Paul Starkey & Youssef Rakha will be in conversation with Gaby Wood @woodgaby on Thurs 18 February at 6.30 for 7pm Waterstone’s Piccadilly Bookstore, London W1J 9HD @WaterstonesPicc It is a free event, but please reserve your place by emailing piccadilly@waterstones.com
Youssef Rakha is exclusively interviewed by Georgia for The BookBlast Diary.

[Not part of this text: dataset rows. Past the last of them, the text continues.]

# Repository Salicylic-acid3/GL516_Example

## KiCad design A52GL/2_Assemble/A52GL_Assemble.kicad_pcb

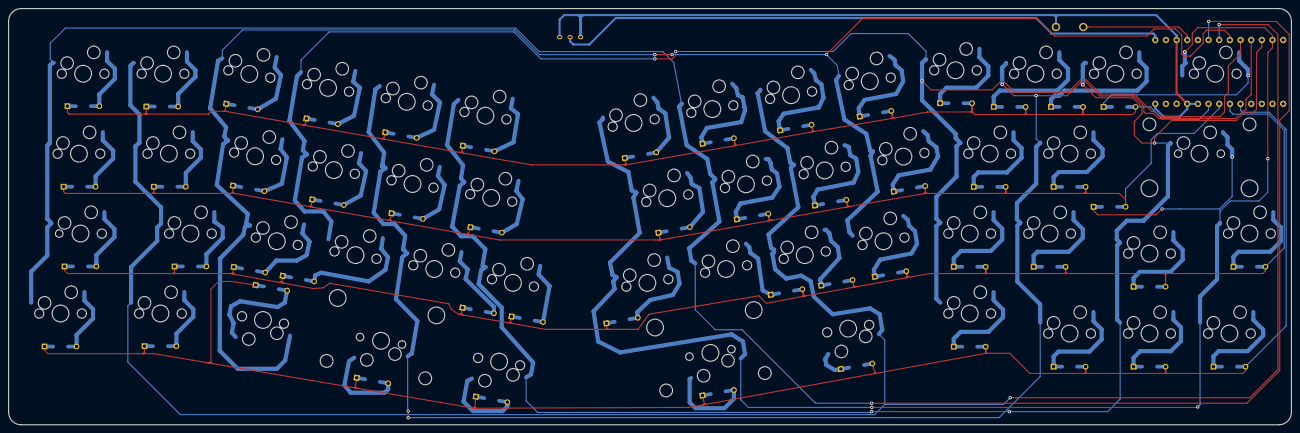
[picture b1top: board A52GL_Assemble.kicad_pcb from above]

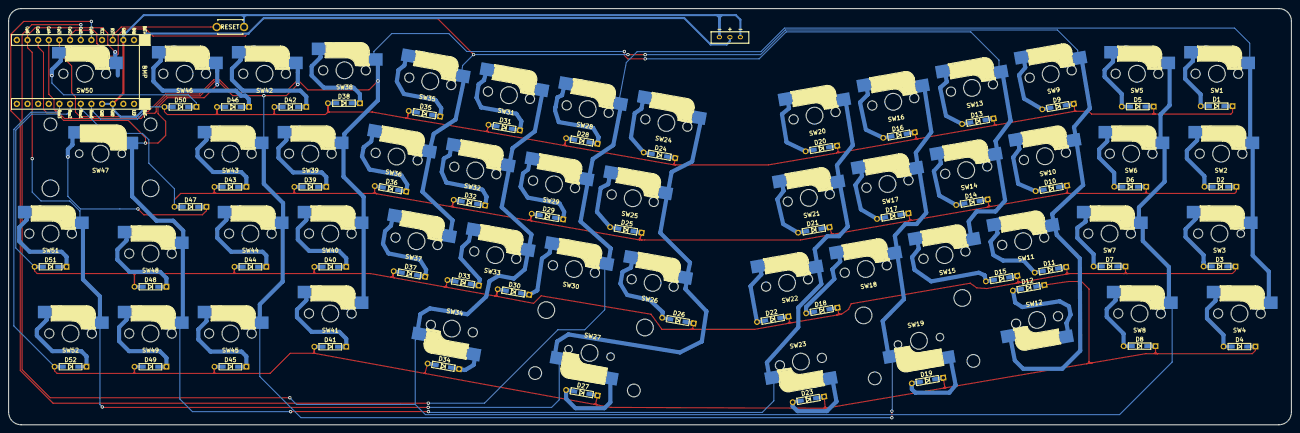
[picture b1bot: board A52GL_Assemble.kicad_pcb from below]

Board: 2 copper layers, 305.8 x 99.2 mm, 107 parts (2 on the bottom side), 66 nets.

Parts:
D1, D2, D3, D4, D5, D6, D7, D8, D9, D10, D11, D12, D13, D14, D15, D16, D17, D18, D19, D20, D21, D22, D23, D24, D25, D26, D27, D28, D29, D30, D31, D32, D33, D34, D35, D36, D37, D38, D39, D40, D41, D42, D43, D44, D45, D46, D47, D48, D49, D50, D51, D52: D; Diode_TH_SMD
J1: Conn_01x02; Battery_XH2.5_GL
SW1, SW5, SW6, SW7, SW9, SW10, SW11, SW12, SW13, SW14, SW15, SW16, SW17, SW18, SW20, SW21, SW22, SW23, SW24, SW25, SW26, SW28, SW29, SW30, SW31, SW32, SW33, SW35, SW36, SW37, SW38, SW39, SW40, SW41, SW42, SW43, SW44, SW45, SW46, SW48, SW49, SW51, SW52: SW_PUSH; CherryMX_Hotswap_1.0u
SW2, SW4, SW8, SW34: SW_PUSH; CherryMX_Hotswap_1.25u
SW3: SW_PUSH; CherryMX_Hotswap_1.75u
SW19: SW_PUSH; CherryMX_Hotswap_2u
SW27, SW47: SW_PUSH; CherryMX_Hotswap_2.25u
SW50: SW_PUSH; CherryMX_Hotswap_BL_LH_v2_
SW53: SW_PUSH; ResetSW
U1: BLEMicroPro; Micon_BMP_GL

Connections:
Bat+: J1.1, U1.25
Col0: SW1.1, SW2.1, SW3.1, SW4.1, SW28.1, SW29.1, SW30.1, U1.20
Col1: SW5.1, SW6.1, SW7.1, SW8.1, SW31.1, SW32.1, SW33.1, SW34.1, U1.19
Col2: SW9.1, SW10.1, SW11.1, SW12.1, SW35.1, SW36.1, SW37.1, U1.18
Col3: SW13.1, SW14.1, SW15.1, SW38.1, SW39.1, SW40.1, SW41.1, U1.17
Col4: SW16.1, SW17.1, SW18.1, SW19.1, SW42.1, SW43.1, SW44.1, SW45.1, U1.16
Col5: SW20.1, SW21.1, SW22.1, SW23.1, SW46.1, SW47.1, SW48.1, SW49.1, U1.15
Col6: SW24.1, SW25.1, SW26.1, SW27.1, SW50.1, SW51.1, SW52.1, U1.14
GND: J1.2, SW53.2, U1.3, U1.4, U1.23, U1.26
unnamed: D1.2, SW1.2
unnamed: D2.2, SW2.2
unnamed: D3.2, SW3.2
unnamed: D4.2, SW4.2
unnamed: D5.2, SW5.2
unnamed: D6.2, SW6.2
unnamed: D7.2, SW7.2
unnamed: D8.2, SW8.2
unnamed: D9.2, SW9.2
unnamed: D10.2, SW10.2
unnamed: D11.2, SW11.2
unnamed: D12.2, SW12.2
unnamed: D13.2, SW13.2
unnamed: D14.2, SW14.2
unnamed: D15.2, SW15.2
unnamed: D16.2, SW16.2
unnamed: D17.2, SW17.2
unnamed: D18.2, SW18.2
unnamed: D19.2, SW19.2
unnamed: D20.2, SW20.2
unnamed: D21.2, SW21.2
unnamed: D22.2, SW22.2
unnamed: D23.2, SW23.2
unnamed: D24.2, SW24.2
unnamed: D25.2, SW25.2
unnamed: D26.2, SW26.2
unnamed: D27.2, SW27.2
unnamed: D28.1, SW28.2
unnamed: D29.1, SW29.2
unnamed: D30.1, SW30.2
unnamed: D31.1, SW31.2
unnamed: D32.1, SW32.2
unnamed: D33.1, SW33.2
unnamed: D34.1, SW34.2
unnamed: D35.1, SW35.2
unnamed: D36.1, SW36.2
unnamed: D37.1, SW37.2
unnamed: D38.1, SW38.2
unnamed: D39.1, SW39.2
unnamed: D40.1, SW40.2
unnamed: D41.1, SW41.2
unnamed: D42.1, SW42.2
unnamed: D43.1, SW43.2
unnamed: D44.1, SW44.2
unnamed: D45.1, SW45.2
unnamed: D46.1, SW46.2
unnamed: D47.1, SW47.2
unnamed: D48.1, SW48.2
unnamed: D49.1, SW49.2
unnamed: D50.1, SW50.2
unnamed: D51.1, SW51.2
unnamed: D52.1, SW52.2
Reset: SW53.1, U1.22
Row0: D1.1, D5.1, D9.1, D13.1, D16.1, D20.1, D24.1, D28.2, D31.2, D35.2, D38.2, D42.2, D46.2, D50.2, U1.5
Row1: D2.1, D6.1, D10.1, D14.1, D17.1, D21.1, D25.1, D29.2, D32.2, D36.2, D39.2, D43.2, D47.2, U1.6
Row2: D3.1, D7.1, D11.1, D15.1, D18.1, D22.1, D26.1, D30.2, D33.2, D37.2, D40.2, D44.2, D48.2, D51.2, U1.7
Row3: D4.1, D8.1, D12.1, D19.1, D23.1, D27.1, D34.2, D41.2, D45.2, D49.2, D52.2, U1.8

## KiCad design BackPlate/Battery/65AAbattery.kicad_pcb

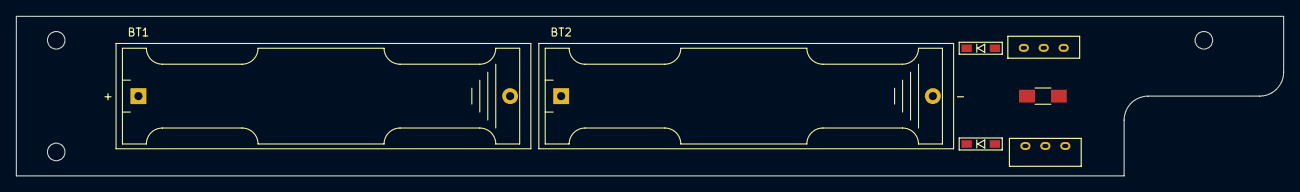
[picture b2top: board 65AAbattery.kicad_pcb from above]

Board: 2 copper layers, 158.9 x 20.0 mm, 9 parts (1 on the bottom side), 5 nets, no tracks yet.

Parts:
BT1, BT2: Battery_Cell; BatteryHolder_単4_Rev
D1, D2: D; D3_SMD
J1: Conn_01x02; XH2.5_rev
J2, J3, J4: Conn_01x01; HOLE_m2
SW1: SW_Push_SPDT; MSK-12D19_r

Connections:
Bat+: J1.1, SW1.1
GND: BT1.2, BT2.2, J1.2
unnamed: BT1.1, D1.2
unnamed: BT2.1, D2.2
unnamed: D1.1, D2.1, SW1.2

Tell us a little bit about yourself.
I am the only child of a disillusioned communist and a woman who struggled against incredible odds to go to university. I speak English with a slight accent and Arabic like a native Egyptian. I can think of at least three separate people I’ve been since I went to university in Hull, returning to Cairo once I graduated. All three worked in journalism and wrote, and the last two took pictures as well. I’m interested in the meaning of people’s words and actions, individually and in groups, in my part of the world: how the disorder and duplicity of human behaviour can resolve into something meaningful and also presumably beautiful. I’m interested in the way language can reflect and alter reality. I have a French-speaking three-year-old daughter I’m utterly besotted with. I’ve been urged to stop smoking cigarettes, which I do voraciously, and I’m planning on it but I haven’t yet.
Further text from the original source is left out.